Are There Differences in Batteries For my Vehicle?November 26, 2021
When the battery in your vehicle no longer works, your vehicle no longer starts. In a sentence, a battery contains acid and distilled water that reacts with the lead plates inside the battery compartments, creating jolts of electricity that start your vehicle and power all vehicular electrical elements like your AC, windows, heater, radio, and lights.
Thankfully your battery provides some warning signs before it stops working.
Depending on, for example, how much you use the AC, how often the battery must fire because of numerous short trips, or its energy output to keep your radio and headlights on, a typical battery will last between 3 – 5 years.
Knowing the symptoms of a worn battery helps you not get caught sitting in a vehicle that won’t start and wondering what to do.
It is always less expensive to drive it to an automotive shop during the early warning signs to have it checked, instead of hiring a service company to jumpstart your dead battery so you can drive to an automotive shop.
Come into Hanford’s to have your battery checked. See many of Hanford’s Tire & Service happy client testimonials here.
Early warning signs your battery is nearing the end of its life:
- When you turn the key in the ignition, the engine will have a distinct sluggish sound because the battery is low and cannot turn the engine as quickly as it should and within a little while, the battery will be non-functioning. Make an appointment right away to have your battery tested.
- Some car batteries have a see-through section on the cover showing the level of the acid. It’s helpful to check it once every six months so you can be proactive.
At Hanford’s, we can test your charging system and show you the strength of your battery using our Digital Vehicle inspection (DVI) system.

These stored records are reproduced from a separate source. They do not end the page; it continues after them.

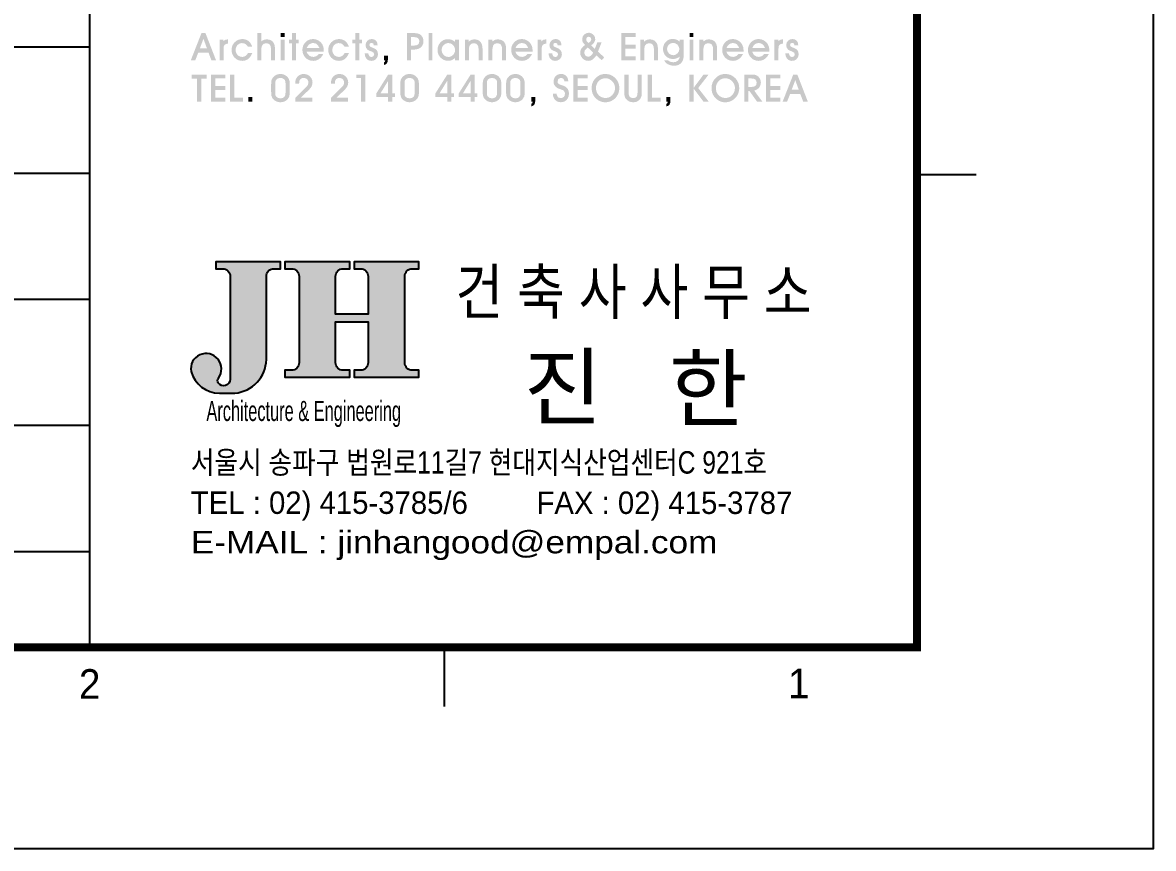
# Model space of a CAD drawing. Header units: millimetres. Extents: x -24416 to 92204, y -190080 to 23760.
# Drawn here: x 79967 to 83794, y -71280 to -68487 of the extents above; entities that cross this region are included whole.
import ezdxf
from ezdxf.enums import TextEntityAlignment as Align

# ---------------------------------------------------------------- set-up
doc = ezdxf.new("R2010")
doc.units = ezdxf.units.MM
doc.header["$LTSCALE"] = 50
for name, color, linetype in [('AA-BORD-FORM', 7, 'Continuous'), ('AA-BORD-TEXT', 3, 'Continuous'), ('itxt', 7, 'Continuous')]:
    doc.layers.add(name, color=color, linetype=linetype)
doc.styles.add('HAUD01', font='Dotum.ttf')
doc.styles.add('돋움', font='Dotum.ttf')

# ---------------------------------------------------------------- blocks, each defined once
blk = doc.blocks.new('XR-FORM 청주월명')
at = {"layer": 'AA-BORD-FORM'}
h = blk.add_hatch(color=256, dxfattribs=at)
h.paths.add_polyline_path([(760.801, 68.941), (760.459, 68.941), (759.556, 66.638), (759.937, 66.638), (760.192, 67.299), (761.057, 67.299), (761.304, 66.638), (761.696, 66.638)])
h.paths.add_polyline_path([(760.929, 67.649), (760.325, 67.649), (760.627, 68.465)], flags=16)
for points in [[(765.531, 67.69), (765.581, 67.873), (765.7, 68.019), (765.727, 68.035), (765.898, 68.084), (765.953, 68.087), (766.14, 68.049), (766.249, 67.957), (766.314, 67.815), (766.342, 67.62), (766.344, 67.541), (766.344, 66.638), (766.679, 66.638), (766.679, 67.641), (766.662, 67.848), (766.613, 68.025), (766.532, 68.171), (766.494, 68.218), (766.363, 68.326), (766.197, 68.392), (766.004, 68.416), (765.996, 68.416), (765.806, 68.394), (765.76, 68.381), (765.605, 68.299), (765.521, 68.234), (765.521, 68.941), (765.183, 68.941), (765.183, 66.638), (765.521, 66.638), (765.521, 67.435), (765.526, 67.639)], [(767.505, 68.941), (767.173, 68.941), (767.173, 68.612), (767.505, 68.612)], [(768.696, 68.383), (768.451, 68.383), (768.451, 68.941), (768.117, 68.941), (768.117, 68.383), (767.872, 68.383), (767.872, 68.074), (768.117, 68.074), (768.117, 66.638), (768.451, 66.638), (768.451, 68.074), (768.696, 68.074)], [(774.057, 68.383), (773.812, 68.383), (773.812, 68.941), (773.478, 68.941), (773.478, 68.383), (773.233, 68.383), (773.233, 68.074), (773.478, 68.074), (773.478, 66.638), (773.812, 66.638), (773.812, 68.074), (774.057, 68.074)], [(780.005, 68.941), (779.676, 68.941), (779.676, 66.638), (780.005, 66.638)], [(797.192, 67.962), (796.336, 67.962), (796.336, 68.609), (797.192, 68.609), (797.192, 68.941), (795.977, 68.941), (795.977, 66.638), (797.192, 66.638), (797.192, 66.986), (796.336, 66.986), (796.336, 67.63), (797.192, 67.63)], [(802.088, 68.941), (801.759, 68.941), (801.759, 68.612), (802.088, 68.612)], [(762.326, 67.609), (762.348, 67.818), (762.405, 67.94), (762.538, 68.027), (762.715, 68.06), (762.715, 68.416), (762.527, 68.394), (762.489, 68.381), (762.334, 68.28), (762.307, 68.234), (762.307, 68.383), (761.992, 68.383), (761.992, 66.638), (762.326, 66.638)], [(763.357, 67.421), (763.351, 67.516), (763.376, 67.704), (763.452, 67.864), (763.509, 67.935), (763.653, 68.044), (763.827, 68.093), (763.889, 68.098), (764.08, 68.071), (764.186, 68.025), (764.319, 67.905), (764.395, 67.788), (764.759, 67.788), (764.681, 67.973), (764.583, 68.128), (764.463, 68.256), (764.441, 68.275), (764.286, 68.37), (764.115, 68.424), (763.947, 68.441), (763.759, 68.424), (763.579, 68.375), (763.566, 68.37), (763.4, 68.28), (763.261, 68.161), (763.251, 68.15), (763.136, 67.997), (763.066, 67.859), (763.019, 67.679), (763.006, 67.511), (763.025, 67.329), (763.074, 67.166), (763.158, 67), (763.267, 66.866), (763.408, 66.744), (763.55, 66.668), (763.724, 66.614), (763.906, 66.597), (764.099, 66.614), (764.27, 66.671), (764.422, 66.763), (764.55, 66.883), (764.653, 67.032), (764.738, 67.209), (764.757, 67.258), (764.395, 67.258), (764.286, 67.1), (764.191, 67.016), (764.023, 66.943), (763.906, 66.929), (763.724, 66.959), (763.569, 67.046), (763.512, 67.098), (763.408, 67.247)], [(767.505, 68.383), (767.173, 68.383), (767.173, 66.638), (767.505, 66.638)], [(772.763, 68.128), (772.643, 68.256), (772.621, 68.275), (772.467, 68.37), (772.295, 68.424), (772.127, 68.441), (771.939, 68.424), (771.76, 68.375), (771.746, 68.37), (771.58, 68.28), (771.442, 68.161), (771.431, 68.15), (771.317, 67.997), (771.246, 67.859), (771.2, 67.679), (771.186, 67.511), (771.205, 67.329), (771.254, 67.166), (771.338, 67), (771.447, 66.866), (771.588, 66.744), (771.73, 66.668), (771.904, 66.614), (772.086, 66.597), (772.279, 66.614), (772.45, 66.671), (772.602, 66.763), (772.73, 66.883), (772.834, 67.032), (772.918, 67.209), (772.937, 67.258), (772.575, 67.258), (772.467, 67.1), (772.371, 67.016), (772.203, 66.943), (772.086, 66.929), (771.904, 66.959), (771.749, 67.046), (771.692, 67.098), (771.588, 67.247), (771.537, 67.421), (771.531, 67.516), (771.556, 67.704), (771.632, 67.864), (771.689, 67.935), (771.833, 68.044), (772.007, 68.093), (772.07, 68.098), (772.26, 68.071), (772.366, 68.025), (772.499, 67.905), (772.575, 67.788), (772.94, 67.788), (772.861, 67.973)], [(775.22, 68.307), (775.076, 68.405), (774.891, 68.443), (774.862, 68.443), (774.679, 68.413), (774.527, 68.321), (774.497, 68.294), (774.394, 68.144), (774.348, 67.968), (774.348, 67.921), (774.378, 67.736), (774.391, 67.704), (774.5, 67.56), (774.533, 67.53), (774.644, 67.467), (774.807, 67.405), (774.878, 67.378), (775.025, 67.28), (775.074, 67.136), (775.006, 66.978), (774.84, 66.915), (774.677, 66.981), (774.66, 67), (774.59, 67.163), (774.587, 67.228), (774.272, 67.228), (774.296, 67.03), (774.361, 66.864), (774.432, 66.766), (774.573, 66.654), (774.745, 66.603), (774.829, 66.597), (775.014, 66.622), (775.171, 66.703), (775.231, 66.755), (775.337, 66.902), (775.389, 67.073), (775.394, 67.149), (775.367, 67.345), (775.305, 67.475), (775.185, 67.592), (775.025, 67.679), (774.894, 67.728), (774.723, 67.807), (774.666, 67.938), (774.715, 68.074), (774.848, 68.122), (774.987, 68.074), (775.041, 67.919), (775.365, 67.919), (775.332, 68.114), (775.253, 68.269)], [(783.295, 68.041), (783.474, 68.087), (783.507, 68.087), (783.694, 68.052), (783.808, 67.959), (783.876, 67.818), (783.904, 67.62), (783.904, 67.565), (783.904, 66.638), (784.241, 66.638), (784.241, 67.63), (784.224, 67.84), (784.178, 68.016), (784.097, 68.163), (784.053, 68.218), (783.923, 68.324), (783.757, 68.389), (783.564, 68.416), (783.537, 68.416), (783.349, 68.389), (783.316, 68.378), (783.164, 68.296), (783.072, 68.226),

- Some vehicles will alert you with an indicator light on your dashboard.
- Sometimes the battery walls will bloat.
- If your battery is leaking, the acid smells like sulphur or a rotten egg smell.
Most batteries are Flooded Lead Acid batteries.
Every vehicle has a given amount of space for its battery, the more powerful the engine, the larger the battery. For most four to six-cylinder engines, the battery is a box shape of approximately 9” X 6” X 8” high. Six compartments (or cells) produce 2 volts each of electric current, giving it its name, a 12-volt battery.
A typical car comes with a version of the Flooded Lead Acid battery, the Starting Lighting Ignition (SLI) battery. Older styles of this battery can be topped up with distilled water.
What kinds of batteries are available for a specific vehicle?
There are only a few kinds of batteries available as options for your automobile because a battery is specific to the amount of power your vehicle can handle, its make and its model. However, you can always purchase an upgraded version of your battery.
When it’s time to replace your battery, you have a few options:
Enhanced Flooded Battery (EFB) is an upgraded version of the SLI. It is a high-performing version of the SLI battery and is used for the stop/ start function in new vehicles.
- This battery is sealed, so is less susceptible to evaporation, and heat and therefore referred to as maintenance-free. Overall, it may last a couple of years longer than its standard version.
A Silver Calcium battery requires a higher charging voltage. You should only opt for this battery if your vehicle alternator charges at a high enough voltage. Most standard alternators put out 14.4 charging volts, which is .4 volts less than this battery needs to fully recharge.
- An improvement on the antimony lead plates found in SLI batteries, the Silver Calcium lead plates make the battery more resistant to corrosion. It performs better in high heat, and it is fully sealed. Because it cannot be topped up, it’s called maintenance-free.
Valve- Regulated Lead Acid (VRLA) batteries have semi-solidified acid making them longer-lived. If your newer vehicle has a high power demand, you might opt for one of the versions of VRLA batteries, Gel Cell batteries or Absorbent Glass Mat (AGM) batteries.
- a) Gel Cell batteries, also known as dry cell batteries use a silica gel inside the battery’s electrolyte solution. This gel solution means less evaporation and greater high-temperature resistance.
- b) Absorbent Glass Mat (AGM) batteries hold the electrolyte solution completely in place within a fibreglass or glass mat. It can charge five times faster and provides three times the life compared to standard batteries. An AGM battery is better able to support the higher electrical demands of larger vehicles and was designed with these vehicles in mind.